Collected data entries
=== Begin Enclosure ===

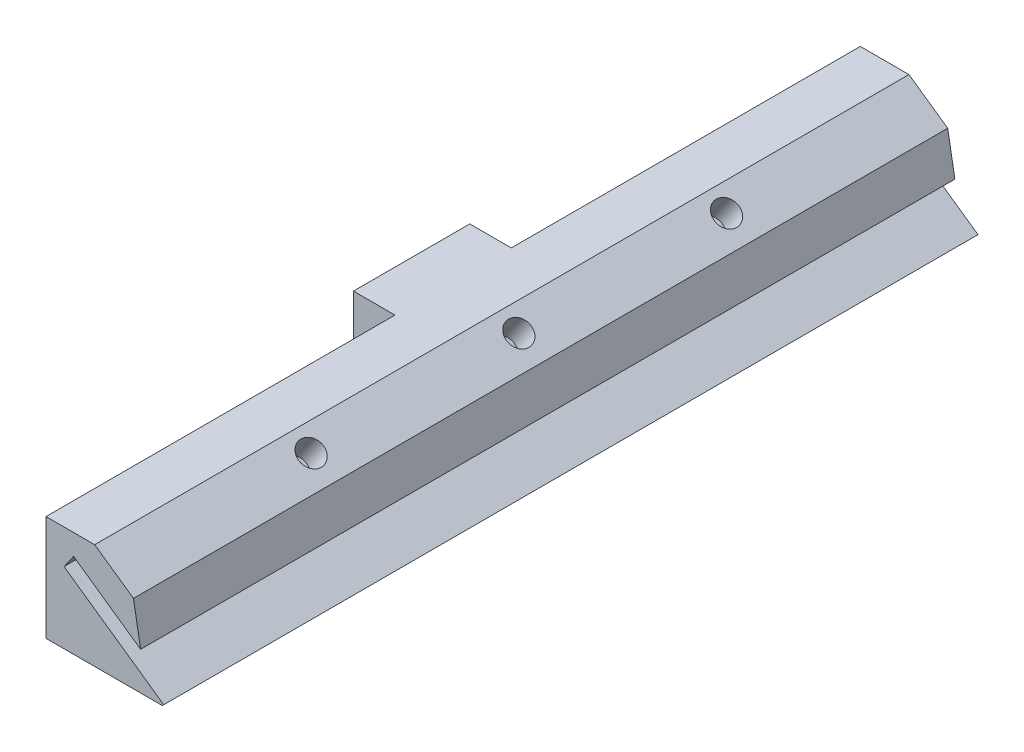
ISO-10303-21;
HEADER;
FILE_DESCRIPTION(('STEP AP214'),'2;1');
FILE_NAME('part.step','',(''),(''),'','','');
FILE_SCHEMA(('AUTOMOTIVE_DESIGN { 1 0 10303 214 1 1 1 1 }'));
ENDSEC;
DATA;
#1=APPLICATION_CONTEXT('core data for automotive mechanical design processes');
#2=APPLICATION_PROTOCOL_DEFINITION('international standard','automotive_design',2000,#1);
#3=PRODUCT_CONTEXT('',#1,'mechanical');
#4=PRODUCT('Part','Part','',(#3));
#5=PRODUCT_RELATED_PRODUCT_CATEGORY('part','',(#4));
#6=PRODUCT_DEFINITION_FORMATION('','',#4);
#7=PRODUCT_DEFINITION_CONTEXT('part definition',#1,'design');
#8=PRODUCT_DEFINITION('design','',#6,#7);
#9=PRODUCT_DEFINITION_SHAPE('','',#8);
#10=(LENGTH_UNIT() NAMED_UNIT(*) SI_UNIT(.MILLI.,.METRE.));
#11=(NAMED_UNIT(*) PLANE_ANGLE_UNIT() SI_UNIT($,.RADIAN.));
#12=(NAMED_UNIT(*) SI_UNIT($,.STERADIAN.) SOLID_ANGLE_UNIT());
#13=UNCERTAINTY_MEASURE_WITH_UNIT(LENGTH_MEASURE(1.E-05),#10,'distance_accuracy_value','');
#14=(GEOMETRIC_REPRESENTATION_CONTEXT(3) GLOBAL_UNCERTAINTY_ASSIGNED_CONTEXT((#13)) GLOBAL_UNIT_ASSIGNED_CONTEXT((#10,
#11,#12)) REPRESENTATION_CONTEXT('',''));
#15=CARTESIAN_POINT('',(0.,0.,0.));
#16=DIRECTION('',(0.,0.,1.));
#17=DIRECTION('',(1.,0.,0.));
#18=AXIS2_PLACEMENT_3D('',#15,#16,#17);
#19=CARTESIAN_POINT('',(0.,0.,98.));
#20=DIRECTION('',(0.,1.,0.));
#21=DIRECTION('',(0.,0.,1.));
#22=AXIS2_PLACEMENT_3D('',#19,#20,#21);
#23=PLANE('',#22);
#24=DIRECTION('',(1.,0.,0.));
#25=VECTOR('',#24,1.);
#26=CARTESIAN_POINT('',(0.,0.,0.));
#27=LINE('',#26,#25);
#28=CARTESIAN_POINT('',(70.,0.,0.));
#29=VERTEX_POINT('',#28);
#30=CARTESIAN_POINT('',(84.,0.,0.));
#31=VERTEX_POINT('',#30);
#32=EDGE_CURVE('E256',#29,#31,#27,.T.);
#33=ORIENTED_EDGE('',*,*,#32,.T.);
#34=DIRECTION('',(0.,0.,1.));
#35=VECTOR('',#34,1.);
#36=CARTESIAN_POINT('',(84.,0.,98.));
#37=LINE('',#36,#35);
#38=CARTESIAN_POINT('',(84.,0.,98.));
#39=VERTEX_POINT('',#38);
#40=EDGE_CURVE('E379',#31,#39,#37,.T.);
#41=ORIENTED_EDGE('',*,*,#40,.T.);
#42=DIRECTION('',(1.,0.,0.));
#43=VECTOR('',#42,1.);
#44=CARTESIAN_POINT('',(0.,0.,98.));
#45=LINE('',#44,#43);
#46=CARTESIAN_POINT('',(70.,0.,98.));
#47=VERTEX_POINT('',#46);
#48=EDGE_CURVE('E257',#47,#39,#45,.T.);
#49=ORIENTED_EDGE('',*,*,#48,.F.);
#50=DIRECTION('',(0.,0.,-1.));
#51=VECTOR('',#50,1.);
#52=CARTESIAN_POINT('',(70.,0.,98.));
#53=LINE('',#52,#51);
#54=CARTESIAN_POINT('',(70.,0.,73.9511017930718));
#55=VERTEX_POINT('',#54);
#56=EDGE_CURVE('E253',#47,#55,#53,.T.);
#57=ORIENTED_EDGE('',*,*,#56,.T.);
#58=CARTESIAN_POINT('',(66.25,0.,71.5));
#59=DIRECTION('',(0.,-1.,0.));
#60=DIRECTION('',(0.,0.,-1.));
#61=AXIS2_PLACEMENT_3D('',#58,#59,#60);
#62=CIRCLE('',#61,4.48);
#63=CARTESIAN_POINT('',(70.,0.,69.0488982069282));
#64=VERTEX_POINT('',#63);
#65=EDGE_CURVE('E225',#64,#55,#62,.T.);
#66=ORIENTED_EDGE('',*,*,#65,.F.);
#67=DIRECTION('',(0.,0.,1.));
#68=VECTOR('',#67,1.);
#69=CARTESIAN_POINT('',(70.,0.,0.));
#70=LINE('',#69,#68);
#71=CARTESIAN_POINT('',(70.,0.,56.));
#72=VERTEX_POINT('',#71);
#73=EDGE_CURVE('E196',#72,#64,#70,.T.);
#74=ORIENTED_EDGE('',*,*,#73,.F.);
#75=DIRECTION('',(-1.,0.,0.));
#76=VECTOR('',#75,1.);
#77=CARTESIAN_POINT('',(1.55513991706299E-13,0.,56.0000000000002));
#78=LINE('',#77,#76);
#79=CARTESIAN_POINT('',(65.,0.,56.));
#80=VERTEX_POINT('',#79);
#81=EDGE_CURVE('E199',#72,#80,#78,.T.);
#82=ORIENTED_EDGE('',*,*,#81,.T.);
#83=DIRECTION('',(0.,0.,1.));
#84=VECTOR('',#83,1.);
#85=CARTESIAN_POINT('',(65.,0.,0.));
#86=LINE('',#85,#84);
#87=CARTESIAN_POINT('',(65.,0.,42.));
#88=VERTEX_POINT('',#87);
#89=EDGE_CURVE('E205',#88,#80,#86,.T.);
#90=ORIENTED_EDGE('',*,*,#89,.F.);
#91=DIRECTION('',(-1.,0.,0.));
#92=VECTOR('',#91,1.);
#93=CARTESIAN_POINT('',(0.,0.,42.));
#94=LINE('',#93,#92);
#95=CARTESIAN_POINT('',(70.,0.,42.));
#96=VERTEX_POINT('',#95);
#97=EDGE_CURVE('E208',#96,#88,#94,.T.);
#98=ORIENTED_EDGE('',*,*,#97,.F.);
#99=CARTESIAN_POINT('',(70.,0.,28.9511017930718));
#100=VERTEX_POINT('',#99);
#101=EDGE_CURVE('E201',#100,#96,#70,.T.);
#102=ORIENTED_EDGE('',*,*,#101,.F.);
#103=CARTESIAN_POINT('',(66.25,0.,26.5));
#104=DIRECTION('',(0.,-1.,0.));
#105=DIRECTION('',(0.,0.,-1.));
#106=AXIS2_PLACEMENT_3D('',#103,#104,#105);
#107=CIRCLE('',#106,4.48);
#108=CARTESIAN_POINT('',(70.,0.,24.0488982069282));
#109=VERTEX_POINT('',#108);
#110=EDGE_CURVE('E239',#109,#100,#107,.T.);
#111=ORIENTED_EDGE('',*,*,#110,.F.);
#112=DIRECTION('',(0.,0.,-1.));
#113=VECTOR('',#112,1.);
#114=CARTESIAN_POINT('',(70.,0.,98.));
#115=LINE('',#114,#113);
#116=EDGE_CURVE('E249',#109,#29,#115,.T.);
#117=ORIENTED_EDGE('',*,*,#116,.T.);
#118=EDGE_LOOP('',(#33,#41,#49,#57,#66,#74,#82,#90,#98,#102,#111,#117));
#119=FACE_BOUND('',#118,.T.);
#120=ADVANCED_FACE('F41',(#119),#23,.F.);
#121=CARTESIAN_POINT('',(75.8625203143752,12.7,98.));
#122=DIRECTION('',(0.,-1.,0.));
#123=DIRECTION('',(1.,0.,0.));
#124=AXIS2_PLACEMENT_3D('',#121,#122,#123);
#125=PLANE('',#124);
#126=DIRECTION('',(0.,0.,-1.));
#127=VECTOR('',#126,1.);
#128=CARTESIAN_POINT('',(70.,12.7,0.));
#129=LINE('',#128,#127);
#130=CARTESIAN_POINT('',(70.,12.7,42.));
#131=VERTEX_POINT('',#130);
#132=CARTESIAN_POINT('',(70.,12.7,0.));
#133=VERTEX_POINT('',#132);
#134=EDGE_CURVE('E243',#131,#133,#129,.T.);
#135=ORIENTED_EDGE('',*,*,#134,.F.);
#136=DIRECTION('',(-1.,0.,0.));
#137=VECTOR('',#136,1.);
#138=CARTESIAN_POINT('',(0.,12.7,42.));
#139=LINE('',#138,#137);
#140=CARTESIAN_POINT('',(65.,12.7,42.));
#141=VERTEX_POINT('',#140);
#142=EDGE_CURVE('E200',#131,#141,#139,.T.);
#143=ORIENTED_EDGE('',*,*,#142,.T.);
#144=DIRECTION('',(0.,0.,1.));
#145=VECTOR('',#144,1.);
#146=CARTESIAN_POINT('',(65.,12.7,0.));
#147=LINE('',#146,#145);
#148=CARTESIAN_POINT('',(65.,12.7,56.));
#149=VERTEX_POINT('',#148);
#150=EDGE_CURVE('E214',#141,#149,#147,.T.);
#151=ORIENTED_EDGE('',*,*,#150,.T.);
#152=DIRECTION('',(-1.,0.,0.));
#153=VECTOR('',#152,1.);
#154=CARTESIAN_POINT('',(1.54061957944857E-13,12.7,56.0000000000002));
#155=LINE('',#154,#153);
#156=CARTESIAN_POINT('',(70.,12.7,56.));
#157=VERTEX_POINT('',#156);
#158=EDGE_CURVE('E193',#157,#149,#155,.T.);
#159=ORIENTED_EDGE('',*,*,#158,.F.);
#160=DIRECTION('',(0.,0.,-1.));
#161=VECTOR('',#160,1.);
#162=CARTESIAN_POINT('',(70.,12.7,98.));
#163=LINE('',#162,#161);
#164=CARTESIAN_POINT('',(70.,12.7,98.));
#165=VERTEX_POINT('',#164);
#166=EDGE_CURVE('E246',#165,#157,#163,.T.);
#167=ORIENTED_EDGE('',*,*,#166,.F.);
#168=DIRECTION('',(-1.,0.,0.));
#169=VECTOR('',#168,1.);
#170=CARTESIAN_POINT('',(75.8625203143752,12.7,98.));
#171=LINE('',#170,#169);
#172=CARTESIAN_POINT('',(75.8625203143752,12.7,98.));
#173=VERTEX_POINT('',#172);
#174=EDGE_CURVE('E264',#173,#165,#171,.T.);
#175=ORIENTED_EDGE('',*,*,#174,.F.);
#176=DIRECTION('',(0.,0.,-1.));
#177=VECTOR('',#176,1.);
#178=CARTESIAN_POINT('',(75.8625203143752,12.7,98.));
#179=LINE('',#178,#177);
#180=CARTESIAN_POINT('',(75.8625203143752,12.7,0.));
#181=VERTEX_POINT('',#180);
#182=EDGE_CURVE('E268',#173,#181,#179,.T.);
#183=ORIENTED_EDGE('',*,*,#182,.T.);
#184=DIRECTION('',(-1.,0.,0.));
#185=VECTOR('',#184,1.);
#186=CARTESIAN_POINT('',(75.8625203143752,12.7,0.));
#187=LINE('',#186,#185);
#188=EDGE_CURVE('E261',#181,#133,#187,.T.);
#189=ORIENTED_EDGE('',*,*,#188,.T.);
#190=EDGE_LOOP('',(#135,#143,#151,#159,#167,#175,#183,#189));
#191=FACE_BOUND('',#190,.T.);
#192=ADVANCED_FACE('F330',(#191),#125,.F.);
#193=CARTESIAN_POINT('',(66.25,0.,26.5));
#194=DIRECTION('',(0.,-1.,0.));
#195=DIRECTION('',(0.,0.,-1.));
#196=AXIS2_PLACEMENT_3D('',#193,#194,#195);
#197=CONICAL_SURFACE('',#196,4.48,0.785398163397448);
#198=CARTESIAN_POINT('',(70.,-9.25819654352928,13.2835124080322));
#199=CARTESIAN_POINT('',(70.,-9.00089450689383,13.5509831115955));
#200=CARTESIAN_POINT('',(70.,-8.74388293442788,13.8187340267274));
#201=CARTESIAN_POINT('',(70.,-8.23058606405541,14.3549355509981));
#202=CARTESIAN_POINT('',(70.,-7.97430077262864,14.6233861663387));
#203=CARTESIAN_POINT('',(70.,-7.46252523950135,15.1612068922258));
#204=CARTESIAN_POINT('',(70.,-7.20703527577106,15.4305772674212));
#205=CARTESIAN_POINT('',(70.,-6.69713776175974,15.970339217523));
#206=CARTESIAN_POINT('',(70.,-6.44273020746452,16.2407307886351));
#207=CARTESIAN_POINT('',(70.,-5.93713850895657,16.7807808487853));
#208=CARTESIAN_POINT('',(70.,-5.68594443055859,17.0504300309089));
#209=CARTESIAN_POINT('',(70.,-5.18524937524527,17.5912953289286));
#210=CARTESIAN_POINT('',(70.,-4.9357483910801,17.862511438106));
#211=CARTESIAN_POINT('',(70.,-4.43897562057331,18.4069146153301));
#212=CARTESIAN_POINT('',(70.,-4.1917035457354,18.6801014198162));
#213=CARTESIAN_POINT('',(70.,-3.70007973180988,19.2290868182485));
#214=CARTESIAN_POINT('',(70.,-3.45572793010169,19.5048853559623));
#215=CARTESIAN_POINT('',(70.,-3.03896471770185,19.9821953035927));
#216=CARTESIAN_POINT('',(70.,-2.86558606494325,20.182861178018));
#217=CARTESIAN_POINT('',(70.,-2.5214943472127,20.5864922176327));
#218=CARTESIAN_POINT('',(70.,-2.35078145158408,20.7894575274928));
#219=CARTESIAN_POINT('',(70.,-2.01207128991632,21.1992570954322));
#220=CARTESIAN_POINT('',(70.,-1.8440905153394,21.4061050344978));
#221=CARTESIAN_POINT('',(70.,-1.51293733577901,21.8235738301788));
#222=CARTESIAN_POINT('',(70.,-1.34976418734996,22.0341940952605));
#223=CARTESIAN_POINT('',(70.,-1.02875404939345,22.4621597098504));
#224=CARTESIAN_POINT('',(70.,-0.870970260548057,22.6795454091647));
#225=CARTESIAN_POINT('',(70.,-0.64157891719672,23.0108215228601));
#226=CARTESIAN_POINT('',(70.,-0.566296105589144,23.1221657865143));
#227=CARTESIAN_POINT('',(70.,-0.418751472257759,23.3468334231521));
#228=CARTESIAN_POINT('',(70.,-0.346489402275928,23.4601566324077));
#229=CARTESIAN_POINT('',(70.,-0.205948186151835,23.6886495568412));
#230=CARTESIAN_POINT('',(70.,-0.13765464552515,23.8038103787686));
#231=CARTESIAN_POINT('',(70.,-0.00562996269777898,24.0367525724955));
#232=CARTESIAN_POINT('',(70.,0.0581006149306448,24.1545342662185));
#233=CARTESIAN_POINT('',(70.,0.179762121609956,24.3928621733934));
#234=CARTESIAN_POINT('',(70.,0.23770136872309,24.5134041071));
#235=CARTESIAN_POINT('',(70.,0.346435291978937,24.757643401441));
#236=CARTESIAN_POINT('',(70.,0.397232749958334,24.8813395111715));
#237=CARTESIAN_POINT('',(70.,0.490789111202484,25.1342284123062));
#238=CARTESIAN_POINT('',(70.,0.533392970329582,25.2634793706198));
#239=CARTESIAN_POINT('',(70.,0.607398728692649,25.5251820159561));
#240=CARTESIAN_POINT('',(70.,0.638802422454779,25.6576331865961));
#241=CARTESIAN_POINT('',(70.,0.688269384234214,25.9240600553182));
#242=CARTESIAN_POINT('',(70.,0.706427714625054,26.0580177399635));
#243=CARTESIAN_POINT('',(70.,0.728410207128942,26.3271129166245));
#244=CARTESIAN_POINT('',(70.,0.732236351894513,26.4622502428609));
#245=CARTESIAN_POINT('',(70.,0.725235323973555,26.7325096600153));
#246=CARTESIAN_POINT('',(70.,0.714367655922155,26.8676306782649));
#247=CARTESIAN_POINT('',(70.,0.678775793860278,27.136021683185));
#248=CARTESIAN_POINT('',(70.,0.65404870335725,27.2692912769564));
#249=CARTESIAN_POINT('',(70.,0.592210160574027,27.533984552494));
#250=CARTESIAN_POINT('',(70.,0.555002209146926,27.6653852663179));
#251=CARTESIAN_POINT('',(70.,0.470326811227613,27.9247891608897));
#252=CARTESIAN_POINT('',(70.,0.422858851460229,28.0527921713016));
#253=CARTESIAN_POINT('',(70.,0.309898629982201,28.3292189799467));
#254=CARTESIAN_POINT('',(70.,0.242695401839126,28.4769369804708));
#255=CARTESIAN_POINT('',(70.,0.0993309603856919,28.7679976047597));
#256=CARTESIAN_POINT('',(70.,0.0231647027539037,28.9113377069735));
#257=CARTESIAN_POINT('',(70.,-0.136142396013391,29.1944359130306));
#258=CARTESIAN_POINT('',(70.,-0.21929695623237,29.3341862330285));
#259=CARTESIAN_POINT('',(70.,-0.390851530262659,29.6103694322713));
#260=CARTESIAN_POINT('',(70.,-0.479250533697821,29.7468029434265));
#261=CARTESIAN_POINT('',(70.,-0.661124333516546,30.0183706338679));
#262=CARTESIAN_POINT('',(70.,-0.754643639859436,30.1534748637406));
#263=CARTESIAN_POINT('',(70.,-0.944986735850401,30.4213333679893));
#264=CARTESIAN_POINT('',(70.,-1.04181064251311,30.5540875588981));
#265=CARTESIAN_POINT('',(70.,-1.23797173731846,30.8174539936083));
#266=CARTESIAN_POINT('',(70.,-1.33730551746968,30.9480687826873));
#267=CARTESIAN_POINT('',(70.,-1.53810706243647,31.2076393241753));
#268=CARTESIAN_POINT('',(70.,-1.63957478332961,31.3365951106432));
#269=CARTESIAN_POINT('',(70.,-1.89196196012583,31.6528896743193));
#270=CARTESIAN_POINT('',(70.,-2.04388716103889,31.8394253214957));
#271=CARTESIAN_POINT('',(70.,-2.35060879976086,32.2101250026945));
#272=CARTESIAN_POINT('',(70.,-2.50540535263071,32.3942889411746));
#273=CARTESIAN_POINT('',(70.,-2.81725946953392,32.76073119138));
#274=CARTESIAN_POINT('',(70.,-2.97431732713515,32.9430092529));
#275=CARTESIAN_POINT('',(70.,-3.29022035333551,33.306011374441));
#276=CARTESIAN_POINT('',(70.,-3.44906554444394,33.4867354148402));
#277=CARTESIAN_POINT('',(70.,-3.92810054774021,34.0274012087596));
#278=CARTESIAN_POINT('',(70.,-4.25044425489068,34.3854339147025));
#279=CARTESIAN_POINT('',(70.,-4.89898132948126,35.0979302753021));
#280=CARTESIAN_POINT('',(70.,-5.22517439518123,35.452394205721));
#281=CARTESIAN_POINT('',(70.,-5.85836441975288,36.1350620525341));
#282=CARTESIAN_POINT('',(70.,-6.16518166625486,36.4634328400374));
#283=CARTESIAN_POINT('',(70.,-6.78063833001674,37.1184754706726));
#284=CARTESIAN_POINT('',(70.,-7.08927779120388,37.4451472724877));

=== End Enclosure ===

» **What you have to do**:
The required output is the stretch of entries above from the line containing "#155=LINE('',#154,#153);" through the line containing "#194=DIRECTION('',(0.,-1.,0.));", reproduced exactly.

» **Result**:
#155=LINE('',#154,#153);
#156=CARTESIAN_POINT('',(70.,12.7,56.));
#157=VERTEX_POINT('',#156);
#158=EDGE_CURVE('E193',#157,#149,#155,.T.);
#159=ORIENTED_EDGE('',*,*,#158,.F.);
#160=DIRECTION('',(0.,0.,-1.));
#161=VECTOR('',#160,1.);
#162=CARTESIAN_POINT('',(70.,12.7,98.));
#163=LINE('',#162,#161);
#164=CARTESIAN_POINT('',(70.,12.7,98.));
#165=VERTEX_POINT('',#164);
#166=EDGE_CURVE('E246',#165,#157,#163,.T.);
#167=ORIENTED_EDGE('',*,*,#166,.F.);
#168=DIRECTION('',(-1.,0.,0.));
#169=VECTOR('',#168,1.);
#170=CARTESIAN_POINT('',(75.8625203143752,12.7,98.));
#171=LINE('',#170,#169);
#172=CARTESIAN_POINT('',(75.8625203143752,12.7,98.));
#173=VERTEX_POINT('',#172);
#174=EDGE_CURVE('E264',#173,#165,#171,.T.);
#175=ORIENTED_EDGE('',*,*,#174,.F.);
#176=DIRECTION('',(0.,0.,-1.));
#177=VECTOR('',#176,1.);
#178=CARTESIAN_POINT('',(75.8625203143752,12.7,98.));
#179=LINE('',#178,#177);
#180=CARTESIAN_POINT('',(75.8625203143752,12.7,0.));
#181=VERTEX_POINT('',#180);
#182=EDGE_CURVE('E268',#173,#181,#179,.T.);
#183=ORIENTED_EDGE('',*,*,#182,.T.);
#184=DIRECTION('',(-1.,0.,0.));
#185=VECTOR('',#184,1.);
#186=CARTESIAN_POINT('',(75.8625203143752,12.7,0.));
#187=LINE('',#186,#185);
#188=EDGE_CURVE('E261',#181,#133,#187,.T.);
#189=ORIENTED_EDGE('',*,*,#188,.T.);
#190=EDGE_LOOP('',(#135,#143,#151,#159,#167,#175,#183,#189));
#191=FACE_BOUND('',#190,.T.);
#192=ADVANCED_FACE('F330',(#191),#125,.F.);
#193=CARTESIAN_POINT('',(66.25,0.,26.5));
#194=DIRECTION('',(0.,-1.,0.));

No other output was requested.